The basic purpose of this project is to combine my theoretical knowledge of Variational Autoencoders (vae) and Tensorflow to build a vae with a specialized pre-processing pipeline for dealing with sound files (.wav files) and ultimately develop a vae which can produce sound from mel spectograms.
This project makes use of Tensorflow and Keras Functional API for developing the VAE as well as the pre-processing pipeline. The SoundFile, and Librosa libraries are also used to create different components of the sound pre-processing pipeline. Other than this, the OS and Pickle libraries are used for loading and saving the model as well as creating folders as needed. The "Free Sound Digits Dataset" is used to train this specific model.
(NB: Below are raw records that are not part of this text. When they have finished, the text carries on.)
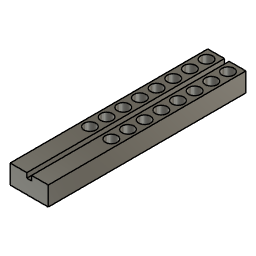
tree_template (Autodesk Fusion 360 design; units mm, degrees)
Autodesk Fusion 360 part; units mm, degrees
sketch "tree" plane through (0, 0, 0) normal (0, 0, 1) x (1, 0, 0)
  line L0 (0, 0) -> (0, 94.3715) construction
  circle A0 centre (-4.5, 30) radius 2.5
  circle A1 centre (4.5, 30) radius 2.5
  circle A2 centre (-4.5, 37) radius 2.5
  circle A3 centre (4.5, 37) radius 2.5
  circle A4 centre (-4.5, 44) radius 2.5
  circle A5 centre (4.5, 44) radius 2.5
  circle A6 centre (-4.5, 51) radius 2.5
  circle A7 centre (4.5, 51) radius 2.5
  circle A8 centre (-4.5, 58) radius 2.5
  circle A9 centre (4.5, 58) radius 2.5
  circle A10 centre (-4.5, 65) radius 2.5
  circle A11 centre (4.5, 65) radius 2.5
  circle A12 centre (-4.5, 72) radius 2.5
  circle A13 centre (4.5, 72) radius 2.5
  circle A14 centre (-4.5, 79) radius 2.5
  circle A15 centre (4.5, 79) radius 2.5
  line L1 (-1, 83) -> (1, 83)
  line L2 (1, 83) -> (1, 0)
  line L3 (1, 0) -> (-1, 0)
  line L4 (-1, 0) -> (-1, 83)
  dimension "d7" = 5
  dimension "d10" = 9
  dimension "d11" = 7
  dimension "d12" = 2
  dimension "d13" = 30
  dimension "d14" = 4
  constraint coincident L0.start origin
  constraint vertical L0
  constraint symmetric L0 A0.centre A1.centre
  constraint horizontal L1
  constraint vertical L2
  constraint horizontal L3
  constraint vertical L4
  constraint midpoint L0.start L3
  measures "d7" diameter of A0
  measures "d12" distance of L1.start L1.end
  measures "d13" distance of A0.centre L3
  measures "d14" distance of A14.centre L1
sketch "plate" plane through (0, 0, 0) normal (0, 0, 1) x (1, 0, 0)
  line L0 (-8, 83) -> (8, 83)
  line L1 (8, 83) -> (8, 0)
  line L2 (8, 0) -> (-8, 0)
  line L3 (-8, 0) -> (-8, 83)
  line L4 (0, 0) -> (0, 94.3715)
  point P0 (1, 83)
  dimension "d16" = 8
  constraint horizontal L0
  constraint vertical L1
  constraint horizontal L2
  constraint vertical L3
  constraint symmetric L1 L3 L4
  constraint coincident L0 P0
  constraint coincident L2 L4.start
  measures "d16" distance of L3 L4
extrude "Extrude1" add sketch "plate" against normal blind 8
extrude "Extrude2" cut sketch "tree" against normal through all contours A0 | A1 | A2 | A3 | A4 | A5 | A6 | A7 | A8 | A9 | A10 | A11 | A12 | A13 | A14 | A15
extrude "Extrude3" cut sketch "tree" against normal blind 2 contours L1 L2 L3 L4
equation "led_dia = 5 mm"
equation "wire_dia = 2 mm"
equation "led_vspace = 2 mm" comment "Vertical spacing between leds"
equation "led_hspace = 2 mm" comment "horizontal spacing between led and centerline of wire"
equation "wire_bottom_stickout = 30 mm" comment "How far the wire should expand beneath the center of the topmost led"
equation "wire_top_stickout = 4 mm" comment "How far the wire should extend above the center of the topmost led"
equation "d7 = led_dia"
equation "d10 = led_dia + led_hspace + wire_dia"
equation "d11 = led_dia + led_vspace"
equation "d12 = wire_dia"
equation "d13 = wire_bottom_stickout"
equation "d14 = wire_top_stickout"
equation "d16 = led_dia + led_hspace + 1 mm"
named bodies: "tree_template"

Just download the .ipynb file and ensure that you have an Nvidia GPU available with cuDNN installed on your local system. Please change the file paths for where the pre-processed, post-processed dataset is stored as well as all the directories where different components of the model and required files are saved. After making the appropriate edits just run all the cells and the model should be able to learn and generate the audio based on files in your dataset.
Currently, I use an implementation of the Griffim-Lim algorithm to obtain sound from the mel spectograms that I generate with my VAE. Due to this, the sound generated is very robotic and does not account for pitch and modulation in sound. Thus, I'm unable to use this model to generate music like Beethoven, Mozart, etc. I'm trying to get past this obstacle by learning more theory about sound generation and audio signal pre-processing and further develop this project to be effective for more refined sound based tasks.